When the string "units" occurs in a line of the records, show that line.

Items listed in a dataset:
⟨

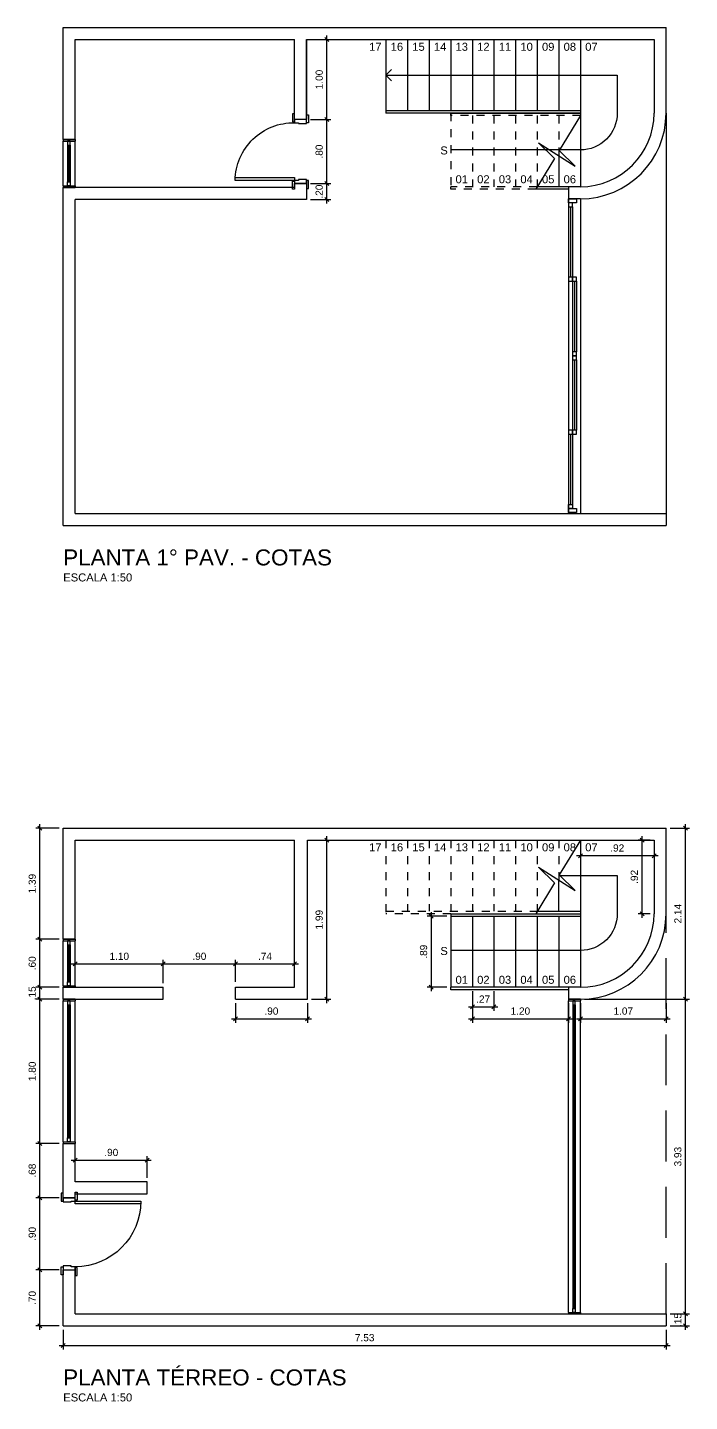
# Model space of a CAD drawing. Header units: millimetres. Extents: x 0 to 22.8, y -0.9 to 16.2.
# Drawn here: x 14.55 to 22.82, y -0.94 to 16.22 of the extents above; entities that cross this region are included whole.
import ezdxf

# ---------------------------------------------------------------- set-up
doc = ezdxf.new("R2010")
doc.units = ezdxf.units.MM
doc.linetypes.add('HIDDEN', pattern=[9.525, 6.35, -3.175])
for name, color, linetype in [('AI-Caixilhos', 2, 'Continuous'), ('ARQ_Alvenaria', 4, 'Continuous'), ('ARQ_Caixilho', 1, 'Continuous'), ('ARQ_Escada', 1, 'Continuous'), ('COTAS', 7, 'Continuous'), ('TEXTOS', 2, 'Continuous')]:
    doc.layers.add(name, color=color, linetype=linetype)
doc.styles.get("Standard").update_dxf_attribs({"font": 'arial.ttf'})
doc.dimstyles.new('1-50', dxfattribs={"dimscale": 0.5, "dimtxt": 0.18, "dimasz": 0.1, "dimexe": 0.1, "dimexo": 0.1, "dimgap": 0.1, "dimtad": 1, "dimzin": 4, "dimdsep": 46, "dimtxsty": 'Standard', "dimblk": 'OBLIQUE', "dimcen": 0.1, "dimdle": 0.1, "dimclrd": 1, "dimclre": 1, "dimclrt": 256, "dimadec": 0, "dimazin": 0, "dimtfac": 1, "dimtmove": 0, "dimatfit": 3, "dimldrblk": 'ORIGIN2', "dimfxl": 1, "dimtolj": 1, "dimtzin": 0, "dimarcsym": 1})

# ---------------------------------------------------------------- blocks, each defined once
blk = doc.blocks.new('PT80 - DIMENSIONÁVEL')
at = {"color": 1}
for points in [[(0.04, 0.15), (-0.06, 0.15), (-0.06, 0.175), (0.04, 0.175)], [(0.86, 0.15), (0.96, 0.15), (0.96, 0.175), (0.86, 0.175)], [(0.03, 0), (-0.07, 0), (-0.07, -0.025), (0.03, -0.025)], [(0.87, 0), (0.97, 0), (0.97, -0.025), (0.87, -0.025)]]:
    blk.add_lwpolyline(points, close=True, dxfattribs=at)
for points in [[(0, 0.15), (0.05, 0.15), (0.05, 0.05), (0.04, 0.05), (0.04, 0), (0, 0)], [(0.04, 0), (0.04, -0.82), (0.075, -0.82), (0.075, 0)], [(0.86, 0), (0.86, 0.05), (0.85, 0.05), (0.85, 0.15), (0.9, 0.15), (0.9, 0)]]:
    blk.add_lwpolyline(points, close=True)
at = {"color": 1, "linetype": 'HIDDEN'}
blk.add_arc((0.04, 0), 0.82, 270, 0, dxfattribs=at)
blk = doc.blocks.new('*U36')
at = {"ltscale": 0.5}
for p, q in [((0.08, 0.6), (-0.07, 0.6)), ((-0.07, 0.6), (0.08, 0.6)), ((-0.07, 0.6), (-0.07, 0.58)), ((-0.07, 0.58), (0.08, 0.58)), ((0.08, 0.6), (0.08, 0.58)), ((-0.07, 0.02), (0.08, 0.02)), ((-0.07, 0.02), (-0.07, 0)), ((0.08, 0.02), (0.08, 0)), ((-0.07, 0), (0.08, 0))]:
    blk.add_line(p, q, dxfattribs=at)
at = {"color": 1, "ltscale": 0.25}
for p, q in [((-0.07, 0.02), (-0.07, 0.58)), ((-0.015, 0.53), (-0.015, 0.07)), ((0.015, 0.53), (0.015, 0.07)), ((0.08, 0.02), (0.08, 0.58))]:
    blk.add_line(p, q, dxfattribs=at)
at = {"color": 252, "ltscale": 0.25}
blk.add_line((0, 0.53), (0, 0.07), dxfattribs=at)
at = {"ltscale": 0.25}
for points in [[(0.015, 0.58), (-0.015, 0.58), (-0.015, 0.53), (0.015, 0.53)], [(-0.015, 0.07), (0.015, 0.07), (0.015, 0.02), (-0.015, 0.02)]]:
    blk.add_lwpolyline(points, close=True, dxfattribs=at)
blk = doc.blocks.new('*U38')
at = {"ltscale": 0.5}
for p, q in [((0.08, 1.8), (-0.07, 1.8)), ((-0.07, 1.8), (0.08, 1.8)), ((-0.07, 1.8), (-0.07, 1.78)), ((-0.07, 1.78), (0.08, 1.78)), ((0.08, 1.8), (0.08, 1.78)), ((-0.07, 0.02), (0.08, 0.02)), ((-0.07, 0.02), (-0.07, 0)), ((0.08, 0.02), (0.08, 0)), ((-0.07, 0), (0.08, 0))]:
    blk.add_line(p, q, dxfattribs=at)
at = {"color": 1, "ltscale": 0.25}
for p, q in [((-0.07, 0.02), (-0.07, 1.78)), ((-0.015, 1.73), (-0.015, 0.07)), ((0.015, 1.73), (0.015, 0.07)), ((0.08, 0.02), (0.08, 1.78))]:
    blk.add_line(p, q, dxfattribs=at)
at = {"color": 252, "ltscale": 0.25}
blk.add_line((0, 1.73), (0, 0.07), dxfattribs=at)
at = {"ltscale": 0.25}
for points in [[(0.015, 1.78), (-0.015, 1.78), (-0.015, 1.73), (0.015, 1.73)], [(-0.015, 0.07), (0.015, 0.07), (0.015, 0.02), (-0.015, 0.02)]]:
    blk.add_lwpolyline(points, close=True, dxfattribs=at)
blk = doc.blocks.new('*U128')
at = {"ltscale": 0.5}
for p, q in [((0.08, 3.93), (-0.07, 3.93)), ((-0.07, 3.93), (0.08, 3.93)), ((-0.07, 3.93), (-0.07, 3.91)), ((-0.07, 3.91), (0.08, 3.91)), ((0.08, 3.93), (0.08, 3.91)), ((-0.07, 0.02), (0.08, 0.02)), ((-0.07, 0.02), (-0.07, 0)), ((0.08, 0.02), (0.08, 0)), ((-0.07, 0), (0.08, 0))]:
    blk.add_line(p, q, dxfattribs=at)
at = {"color": 1, "ltscale": 0.25}
for p, q in [((-0.07, 0.02), (-0.07, 3.91)), ((-0.015, 3.86), (-0.015, 0.07)), ((0.015, 3.86), (0.015, 0.07)), ((0.08, 0.02), (0.08, 3.91))]:
    blk.add_line(p, q, dxfattribs=at)
at = {"color": 252, "ltscale": 0.25}
blk.add_line((0, 3.86), (0, 0.07), dxfattribs=at)
at = {"ltscale": 0.25}
for points in [[(0.015, 3.91), (-0.015, 3.91), (-0.015, 3.86), (0.015, 3.86)], [(-0.015, 0.07), (0.015, 0.07), (0.015, 0.02), (-0.015, 0.02)]]:
    blk.add_lwpolyline(points, close=True, dxfattribs=at)
blk = doc.blocks.new('*U134')
at = {"color": 1}
for p, q in [((0.98, 0.1), (0.1, 0.1)), ((0.98, 0.05), (0.1, 0.05)), ((1.91, 0.05), (1.03, 0.05)), ((1.91, 0), (1.03, 0)), ((2.89, 0.05), (2.01, 0.05)), ((2.89, 0), (2.01, 0)), ((3.82, 0.1), (2.94, 0.1)), ((3.82, 0.05), (2.94, 0.05))]:
    blk.add_line(p, q, dxfattribs=at)
for p, q in [((0.98, 0.075), (0.1, 0.075)), ((1.91, 0.025), (1.03, 0.025)), ((2.89, 0.025), (2.01, 0.025)), ((3.82, 0.075), (2.94, 0.075))]:
    blk.add_line(p, q)
for points in [[(0, 0.1), (0.05, 0.1), (0.05, 0), (0, 0)], [(0.05, 0.1), (0.1, 0.1), (0.1, 0.05), (0.05, 0.05)], [(1.03, 0.1), (0.98, 0.1), (0.98, 0.05), (1.03, 0.05)], [(1.03, 0.05), (0.98, 0.05), (0.98, 0), (1.03, 0)], [(1.96, 0.05), (1.91, 0.05), (1.91, 0), (1.96, 0)], [(2.01, 0.05), (1.96, 0.05), (1.96, 0), (2.01, 0)], [(2.94, 0.1), (2.89, 0.1), (2.89, 0.05), (2.94, 0.05)], [(2.94, 0.05), (2.89, 0.05), (2.89, 0), (2.94, 0)], [(3.87, 0.1), (3.82, 0.1), (3.82, 0.05), (3.87, 0.05)], [(3.87, 0.1), (3.92, 0.1), (3.92, 0), (3.87, 0)]]:
    blk.add_lwpolyline(points, close=True)
blk = doc.blocks.new('*U30')
at = {"color": 1}
for points in [[(0.04, 0.15), (-0.06, 0.15), (-0.06, 0.175), (0.04, 0.175)], [(0.76, 0.15), (0.86, 0.15), (0.86, 0.175), (0.76, 0.175)], [(0.03, 0), (-0.07, 0), (-0.07, -0.025), (0.03, -0.025)], [(0.77, 0), (0.87, 0), (0.87, -0.025), (0.77, -0.025)]]:
    blk.add_lwpolyline(points, close=True, dxfattribs=at)
for points in [[(0, 0.15), (0.05, 0.15), (0.05, 0.05), (0.04, 0.05), (0.04, 0), (0, 0)], [(0.04, 0), (0.04, -0.743), (0.075, -0.743), (0.075, 0)], [(0.76, 0), (0.76, 0.05), (0.75, 0.05), (0.75, 0.15), (0.8, 0.15), (0.8, 0)]]:
    blk.add_lwpolyline(points, close=True)
at = {"color": 1, "linetype": 'HIDDEN'}
blk.add_arc((0.03, -0.012), 0.73, 270.7848, 0.981, dxfattribs=at)
blk = doc.blocks.new('_Oblique')
at = {"color": 0, "linetype": 'ByBlock', "lineweight": -2}
blk.add_line((-0.5, -0.5), (0.5, 0.5), dxfattribs=at)
blk = doc.blocks.new('*D144')
at = {"layer": 'COTAS', "color": 1, "lineweight": -2, "transparency": 16777216}
for p, q in [((15.1, 4.522), (16.3, 4.522)), ((15.15, 4.3), (15.15, 4.572)), ((16.25, 4.28), (16.25, 4.572))]:
    blk.add_line(p, q, dxfattribs=at)
at = {"layer": 'Defpoints', "color": 0, "transparency": 16777216}
for p in [(16.25, 4.522), (15.15, 4.25), (16.25, 4.23)]:
    blk.add_point(p, dxfattribs=at)
at = {"layer": 'COTAS', "color": 1, "lineweight": -2, "transparency": 16777216, "xscale": 0.05, "yscale": 0.05, "zscale": 0.05, "rotation": 180}
blk.add_blockref('_Oblique', (15.15, 4.522), dxfattribs=at)
at = {"layer": 'COTAS', "color": 1, "lineweight": -2, "transparency": 16777216, "xscale": 0.05, "yscale": 0.05, "zscale": 0.05}
blk.add_blockref('_Oblique', (16.25, 4.522), dxfattribs=at)
at = {"layer": 'COTAS', "transparency": 16777216, "insert": (15.7, 4.617), "char_height": 0.09, "attachment_point": 5}
blk.add_mtext('\\A1;1.10', dxfattribs=at)
blk = doc.blocks.new('_Origin2')
at = {"color": 0, "linetype": 'ByBlock', "lineweight": -2}
blk.add_line((-0.5, 0), (-1, 0), dxfattribs=at)
for radius in [0.5, 0.25]:
    blk.add_circle((0, 0), radius, dxfattribs=at)
blk = doc.blocks.new('*D145')
at = {"layer": 'COTAS', "color": 1, "lineweight": -2, "transparency": 16777216}
for p, q in [((16.2, 4.522), (17.2, 4.522)), ((16.25, 4.3), (16.25, 4.572)), ((17.15, 4.3), (17.15, 4.572))]:
    blk.add_line(p, q, dxfattribs=at)
at = {"layer": 'Defpoints', "color": 0, "transparency": 16777216}
for p in [(17.15, 4.522), (16.25, 4.25), (17.15, 4.25)]:
    blk.add_point(p, dxfattribs=at)
at = {"layer": 'COTAS', "color": 1, "lineweight": -2, "transparency": 16777216, "xscale": 0.05, "yscale": 0.05, "zscale": 0.05, "rotation": 180}
blk.add_blockref('_Oblique', (16.25, 4.522), dxfattribs=at)
at = {"layer": 'COTAS', "color": 1, "lineweight": -2, "transparency": 16777216, "xscale": 0.05, "yscale": 0.05, "zscale": 0.05}
blk.add_blockref('_Oblique', (17.15, 4.522), dxfattribs=at)
at = {"layer": 'COTAS', "transparency": 16777216, "insert": (16.7, 4.617), "char_height": 0.09, "attachment_point": 5}
blk.add_mtext('\\A1;.90', dxfattribs=at)
blk = doc.blocks.new('*D146')
at = {"layer": 'COTAS', "color": 1, "lineweight": -2, "transparency": 16777216}
for p, q in [((17.1, 4.522), (17.94, 4.522)), ((17.15, 4.3), (17.15, 4.572)), ((17.89, 4.28), (17.89, 4.572))]:
    blk.add_line(p, q, dxfattribs=at)
at = {"layer": 'Defpoints', "color": 0, "transparency": 16777216}
for p in [(17.89, 4.522), (17.15, 4.25), (17.89, 4.23)]:
    blk.add_point(p, dxfattribs=at)
at = {"layer": 'COTAS', "color": 1, "lineweight": -2, "transparency": 16777216, "xscale": 0.05, "yscale": 0.05, "zscale": 0.05, "rotation": 180}
blk.add_blockref('_Oblique', (17.15, 4.522), dxfattribs=at)
at = {"layer": 'COTAS', "color": 1, "lineweight": -2, "transparency": 16777216, "xscale": 0.05, "yscale": 0.05, "zscale": 0.05}
blk.add_blockref('_Oblique', (17.89, 4.522), dxfattribs=at)
at = {"layer": 'COTAS', "transparency": 16777216, "insert": (17.52, 4.617), "char_height": 0.09, "attachment_point": 5}
blk.add_mtext('\\A1;.74', dxfattribs=at)
blk = doc.blocks.new('*D147')
at = {"layer": 'COTAS', "color": 1, "lineweight": -2, "transparency": 16777216}
for p, q in [((15.1, 2.072), (16.1, 2.072)), ((15.15, 1.85), (15.15, 2.122)), ((16.05, 1.85), (16.05, 2.122))]:
    blk.add_line(p, q, dxfattribs=at)
at = {"layer": 'Defpoints', "color": 0, "transparency": 16777216}
for p in [(16.05, 2.072), (15.15, 1.8), (16.05, 1.8)]:
    blk.add_point(p, dxfattribs=at)
at = {"layer": 'COTAS', "color": 1, "lineweight": -2, "transparency": 16777216, "xscale": 0.05, "yscale": 0.05, "zscale": 0.05, "rotation": 180}
blk.add_blockref('_Oblique', (15.15, 2.072), dxfattribs=at)
at = {"layer": 'COTAS', "color": 1, "lineweight": -2, "transparency": 16777216, "xscale": 0.05, "yscale": 0.05, "zscale": 0.05}
blk.add_blockref('_Oblique', (16.05, 2.072), dxfattribs=at)
at = {"layer": 'COTAS', "transparency": 16777216, "insert": (15.6, 2.167), "char_height": 0.09, "attachment_point": 5}
blk.add_mtext('\\A1;.90', dxfattribs=at)
blk = doc.blocks.new('*D148')
at = {"layer": 'COTAS', "color": 1, "lineweight": -2, "transparency": 16777216}
for p, q in [((17.15, 4.03), (17.15, 3.787)), ((18.05, 4.03), (18.05, 3.787)), ((17.1, 3.837), (18.1, 3.837))]:
    blk.add_line(p, q, dxfattribs=at)
at = {"layer": 'Defpoints', "color": 0, "transparency": 16777216}
for p in [(17.15, 4.08), (18.05, 4.08), (18.05, 3.837)]:
    blk.add_point(p, dxfattribs=at)
at = {"layer": 'COTAS', "color": 1, "lineweight": -2, "transparency": 16777216, "xscale": 0.05, "yscale": 0.05, "zscale": 0.05, "rotation": 180}
blk.add_blockref('_Oblique', (17.15, 3.837), dxfattribs=at)
at = {"layer": 'COTAS', "color": 1, "lineweight": -2, "transparency": 16777216, "xscale": 0.05, "yscale": 0.05, "zscale": 0.05}
blk.add_blockref('_Oblique', (18.05, 3.837), dxfattribs=at)
at = {"layer": 'COTAS', "transparency": 16777216, "insert": (17.6, 3.933), "char_height": 0.09, "attachment_point": 5}
blk.add_mtext('\\A1;.90', dxfattribs=at)
blk = doc.blocks.new('*D149')
at = {"layer": 'COTAS', "color": 1, "lineweight": -2, "transparency": 16777216}
for p, q in [((18.1, 6.07), (18.343, 6.07)), ((18.293, 4.03), (18.293, 6.12)), ((18.1, 4.08), (18.343, 4.08))]:
    blk.add_line(p, q, dxfattribs=at)
at = {"layer": 'Defpoints', "color": 0, "transparency": 16777216}
for p in [(18.05, 6.07), (18.293, 6.07), (18.05, 4.08)]:
    blk.add_point(p, dxfattribs=at)
at = {"layer": 'COTAS', "color": 1, "lineweight": -2, "transparency": 16777216, "xscale": 0.05, "yscale": 0.05, "zscale": 0.05}
for p, rotation in [((18.293, 6.07), 90), ((18.293, 4.08), 270)]:
    blk.add_blockref('_Oblique', p, dxfattribs=dict(at, rotation=rotation))
at = {"layer": 'COTAS', "transparency": 16777216, "insert": (18.197, 5.075), "char_height": 0.09, "attachment_point": 5, "rotation": 90}
blk.add_mtext('\\A1;1.99', dxfattribs=at)
blk = doc.blocks.new('*D150')
at = {"layer": 'COTAS', "color": 1, "lineweight": -2, "transparency": 16777216}
for p, q in [((14.95, 6.22), (14.658, 6.22)), ((14.708, 4.78), (14.708, 6.27)), ((14.95, 4.83), (14.658, 4.83))]:
    blk.add_line(p, q, dxfattribs=at)
at = {"layer": 'Defpoints', "color": 0, "transparency": 16777216}
for p in [(14.708, 6.22), (15, 6.22), (15, 4.83)]:
    blk.add_point(p, dxfattribs=at)
at = {"layer": 'COTAS', "color": 1, "lineweight": -2, "transparency": 16777216, "xscale": 0.05, "yscale": 0.05, "zscale": 0.05}
for p, rotation in [((14.708, 6.22), 90), ((14.708, 4.83), 270)]:
    blk.add_blockref('_Oblique', p, dxfattribs=dict(at, rotation=rotation))
at = {"layer": 'COTAS', "transparency": 16777216, "insert": (14.613, 5.525), "char_height": 0.09, "attachment_point": 5, "rotation": 90}
blk.add_mtext('\\A1;1.39', dxfattribs=at)
blk = doc.blocks.new('*D151')
at = {"layer": 'COTAS', "color": 1, "lineweight": -2, "transparency": 16777216}
for p, q in [((14.95, 4.83), (14.658, 4.83)), ((14.708, 4.18), (14.708, 4.88)), ((14.95, 4.23), (14.658, 4.23))]:
    blk.add_line(p, q, dxfattribs=at)
at = {"layer": 'Defpoints', "color": 0, "transparency": 16777216}
for p in [(14.708, 4.83), (15, 4.83), (15, 4.23)]:
    blk.add_point(p, dxfattribs=at)
at = {"layer": 'COTAS', "color": 1, "lineweight": -2, "transparency": 16777216, "xscale": 0.05, "yscale": 0.05, "zscale": 0.05}
for p, rotation in [((14.708, 4.83), 90), ((14.708, 4.23), 270)]:
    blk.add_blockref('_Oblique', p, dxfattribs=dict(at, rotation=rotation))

⟩

◆ **ANSWER SECTION**
# Model space of a CAD drawing. Header units: millimetres. Extents: x 0 to 22.8, y -0.9 to 16.2.
doc.units = ezdxf.units.MM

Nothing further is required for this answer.